We present the case of a 40-year-old man with a history of syncope since childhood. He had been treated with carteolol 2.5mg bid from the age of 10 years due to syncope and ventricular arrhythmia. When he was aged 17 years, the beta-blocker was changed and nadolol was started at 80mg qd, which the patient voluntarily discontinued. He was admitted to hospital due to syncope while he was walking. A strong family history of sudden cardiac death was observed: a brother and a sister suddenly died at the age of 8 and 14 years, respectively. The parents were apparently healthy and the grandparents died in old age from tumors. The results of laboratory tests, electrocardiography, QT interval, echocardiographic examination, and cardiac magnetic resonance imaging were normal. A nonsustained polymorphic ventricular tachycardia (PVT) was detected in electrocardiogram recordings. Treadmill testing revealed nonsustained PVT during peak effort that disappeared during rest (Figure 1A and Figure 1B). A diagnosis of catecolaminergic polymorphic ventricular tachycardia (CPVT) was made due to an exercise-induced PVT in the presence of a structurally normal heart and normal electrocardiogram.

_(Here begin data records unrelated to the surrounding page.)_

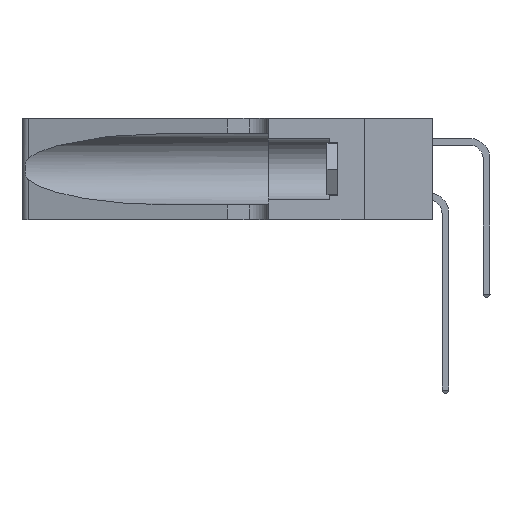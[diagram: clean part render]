
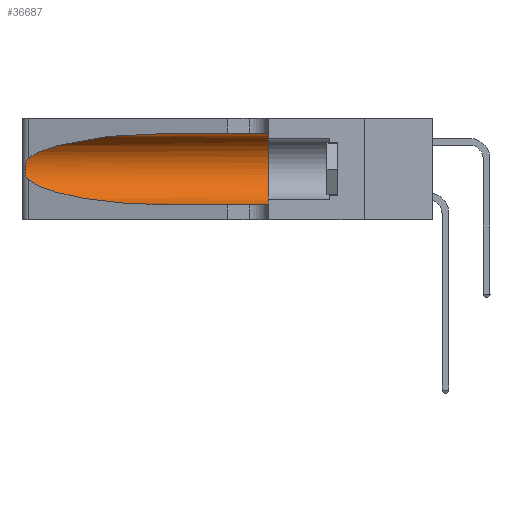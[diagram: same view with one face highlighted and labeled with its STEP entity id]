
A CAD part, left-side view. The second image highlights one B-rep face of the part: STEP entity #36687.
In plain terms, the highlighted cylindrical face has radius 3.308 mm (diameter 6.617 mm), a partial arc.
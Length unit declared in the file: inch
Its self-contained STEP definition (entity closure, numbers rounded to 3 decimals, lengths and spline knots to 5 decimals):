
#369 = DIRECTION ( 'NONE',  ( 0., -1., 0. ) ) ;
#1107 = ORIENTED_EDGE ( 'NONE', *, *, #25859, .T. ) ;
#1163 = ORIENTED_EDGE ( 'NONE', *, *, #40849, .T. ) ;
#1885 = DIRECTION ( 'NONE',  ( 0., -1., 0. ) ) ;
#2683 = AXIS2_PLACEMENT_3D ( 'NONE', #17813, #369, #21159 ) ;
#2965 = CARTESIAN_POINT ( 'NONE',  ( 0.25487, 1.22718, 0.22369 ) ) ;
#3122 = CARTESIAN_POINT ( 'NONE',  ( 0.25487, 1.22718, 0.14631 ) ) ;
#4351 = EDGE_CURVE ( 'NONE', #21425, #36813, #16049, .T. ) ;
#4872 = CARTESIAN_POINT ( 'NONE',  ( 0.2373, 1.15595, 0.28018 ) ) ;
#5741 = CARTESIAN_POINT ( 'NONE',  ( 0.25487, 1.22718, 0.14631 ) ) ;
#5847 = ORIENTED_EDGE ( 'NONE', *, *, #4351, .T. ) ;
#6472 = CARTESIAN_POINT ( 'NONE',  ( 0.25639, 1.23184, 0.21858 ) ) ;
#9115 = VECTOR ( 'NONE', #11982, 39.37008 ) ;
#9983 = CARTESIAN_POINT ( 'NONE',  ( 0.25854, 1.2359, 0.20912 ) ) ;
#11333 = EDGE_CURVE ( 'NONE', #21425, #15892, #17166, .T. ) ;
#11486 = VERTEX_POINT ( 'NONE', #5741 ) ;
#11982 = DIRECTION ( 'NONE',  ( 0., -1., 0. ) ) ;
#13454 = CARTESIAN_POINT ( 'NONE',  ( 0.26075, 1.23896, 0.19203 ) ) ;
#14070 = DIRECTION ( 'NONE',  ( 0., 1., 0. ) ) ;
#15341 = CARTESIAN_POINT ( 'NONE',  ( 0.25487, 1.22718, 0.22369 ) ) ;
#15892 = VERTEX_POINT ( 'NONE', #31424 ) ;
#16011 = CYLINDRICAL_SURFACE ( 'NONE', #2683, 0.13025 ) ;
#16049 =( BOUNDED_CURVE ( )  B_SPLINE_CURVE ( 3, ( #35296, #28630, #4872, #15341 ),
 .UNSPECIFIED., .F., .F. ) 
 B_SPLINE_CURVE_WITH_KNOTS ( ( 4, 4 ),
 ( 1.5708, 2.84003 ),
 .UNSPECIFIED. ) 
 CURVE ( )  GEOMETRIC_REPRESENTATION_ITEM ( )  RATIONAL_B_SPLINE_CURVE ( ( 1., 0.87, 0.87, 1. ) ) 
 REPRESENTATION_ITEM ( '' )  );
#16868 = CARTESIAN_POINT ( 'NONE',  ( 0.26017, 1.23833, 0.17102 ) ) ;
#17166 = LINE ( 'NONE', #42019, #9115 ) ;
#17813 = CARTESIAN_POINT ( 'NONE',  ( 0.1305, 1.61858, 0.185 ) ) ;
#17897 = VERTEX_POINT ( 'NONE', #32140 ) ;
#18365 = VECTOR ( 'NONE', #1885, 39.37008 ) ;
#18375 = EDGE_LOOP ( 'NONE', ( #5847, #1107, #1163, #39423, #28699, #40543 ) ) ;
#18566 = CARTESIAN_POINT ( 'NONE',  ( 0.1305, 0.72297, 0.05475 ) ) ;
#20219 = CARTESIAN_POINT ( 'NONE',  ( 0.25789, 1.23486, 0.15765 ) ) ;
#21023 = EDGE_CURVE ( 'NONE', #15892, #17897, #39631, .T. ) ;
#21159 = DIRECTION ( 'NONE',  ( 0., 0., -1. ) ) ;
#21425 = VERTEX_POINT ( 'NONE', #39300 ) ;
#21750 = CARTESIAN_POINT ( 'NONE',  ( 0.25487, 1.22718, 0.14631 ) ) ;
#22407 = CARTESIAN_POINT ( 'NONE',  ( 0.1305, 1.61858, 0.05475 ) ) ;
#23554 = VERTEX_POINT ( 'NONE', #37905 ) ;
#23579 = CARTESIAN_POINT ( 'NONE',  ( 0.25555, 1.22993, 0.14849 ) ) ;
#25134 = B_SPLINE_CURVE_WITH_KNOTS ( 'NONE', 3,
 ( #2965, #26814, #6472, #30131, #9983, #33498, #13454, #36832, #16868, #40215, #20219, #43580, #23579, #3122 ),
 .UNSPECIFIED., .F., .F.,
 ( 4, 2, 2, 2, 2, 2, 4 ),
 ( 0., 0.00027, 0.00053, 0.00107, 0.0016, 0.00187, 0.00214 ),
 .UNSPECIFIED. ) ;
#25859 = EDGE_CURVE ( 'NONE', #36813, #11486, #25134, .T. ) ;
#26223 = LINE ( 'NONE', #22407, #18365 ) ;
#26814 = CARTESIAN_POINT ( 'NONE',  ( 0.25555, 1.22994, 0.2215 ) ) ;
#28630 = CARTESIAN_POINT ( 'NONE',  ( 0.18966, 0.96281, 0.31525 ) ) ;
#28699 = ORIENTED_EDGE ( 'NONE', *, *, #21023, .F. ) ;
#29700 =( BOUNDED_CURVE ( )  B_SPLINE_CURVE ( 3, ( #21750, #35144, #38540, #18566 ),
 .UNSPECIFIED., .F., .F. ) 
 B_SPLINE_CURVE_WITH_KNOTS ( ( 4, 4 ),
 ( 3.44316, 4.71239 ),
 .UNSPECIFIED. ) 
 CURVE ( )  GEOMETRIC_REPRESENTATION_ITEM ( )  RATIONAL_B_SPLINE_CURVE ( ( 1., 0.87, 0.87, 1. ) ) 
 REPRESENTATION_ITEM ( '' )  );
#30131 = CARTESIAN_POINT ( 'NONE',  ( 0.25787, 1.23484, 0.2124 ) ) ;
#31424 = CARTESIAN_POINT ( 'NONE',  ( 0.1305, 0.35, 0.31525 ) ) ;
#32140 = CARTESIAN_POINT ( 'NONE',  ( 0.1305, 0.35, 0.05475 ) ) ;
#32397 = CARTESIAN_POINT ( 'NONE',  ( 0.25487, 1.22718, 0.22369 ) ) ;
#33195 = EDGE_CURVE ( 'NONE', #23554, #17897, #26223, .T. ) ;
#33498 = CARTESIAN_POINT ( 'NONE',  ( 0.26018, 1.23835, 0.19895 ) ) ;
#34058 = CARTESIAN_POINT ( 'NONE',  ( 0.1305, 0.35, 0.185 ) ) ;
#35144 = CARTESIAN_POINT ( 'NONE',  ( 0.2373, 1.15595, 0.08982 ) ) ;
#35296 = CARTESIAN_POINT ( 'NONE',  ( 0.1305, 0.72297, 0.31525 ) ) ;
#36687 = ADVANCED_FACE ( 'NONE', ( #42684 ), #16011, .F. ) ;
#36813 = VERTEX_POINT ( 'NONE', #32397 ) ;
#36832 = CARTESIAN_POINT ( 'NONE',  ( 0.26075, 1.23896, 0.178 ) ) ;
#37432 = DIRECTION ( 'NONE',  ( 0., 0., 1. ) ) ;
#37905 = CARTESIAN_POINT ( 'NONE',  ( 0.1305, 0.72297, 0.05475 ) ) ;
#38540 = CARTESIAN_POINT ( 'NONE',  ( 0.18966, 0.96281, 0.05475 ) ) ;
#39300 = CARTESIAN_POINT ( 'NONE',  ( 0.1305, 0.72297, 0.31525 ) ) ;
#39423 = ORIENTED_EDGE ( 'NONE', *, *, #33195, .T. ) ;
#39631 = CIRCLE ( 'NONE', #40802, 0.13025 ) ;
#40215 = CARTESIAN_POINT ( 'NONE',  ( 0.25856, 1.23593, 0.16098 ) ) ;
#40543 = ORIENTED_EDGE ( 'NONE', *, *, #11333, .F. ) ;
#40802 = AXIS2_PLACEMENT_3D ( 'NONE', #34058, #14070, #37432 ) ;
#40849 = EDGE_CURVE ( 'NONE', #11486, #23554, #29700, .T. ) ;
#42019 = CARTESIAN_POINT ( 'NONE',  ( 0.1305, 1.61858, 0.31525 ) ) ;
#42684 = FACE_OUTER_BOUND ( 'NONE', #18375, .T. ) ;
#43580 = CARTESIAN_POINT ( 'NONE',  ( 0.25639, 1.23186, 0.15144 ) ) ;

Beta-blocker treatment was restarted and a treadmill test was repeated. An implantable cardioverter-defibrillator with long delays before shock delivery was implanted due to persistence of nonsustained PVT during exercise. During follow-up, flecainide was added at a dose of 100mg bid to beta-blocker treatment due to appropriate shocks. After 6 months follow-up, ventricular arrhythmia control was notably improved with no sustained episodes.

Figure 1.

A: ECG telemetry recording showing highly frequent ventricular ectopy (bottom). B: 12-lead ECG during treadmill testing with runs of PVT. C: family pedigree. The genotype for the CASQ2 deletion is indicated. CPVT, catecholaminergic polymorphic ventricular tachycardia; ECG, electrocardiogram; ICD, implantable cardioverter-defibrillator.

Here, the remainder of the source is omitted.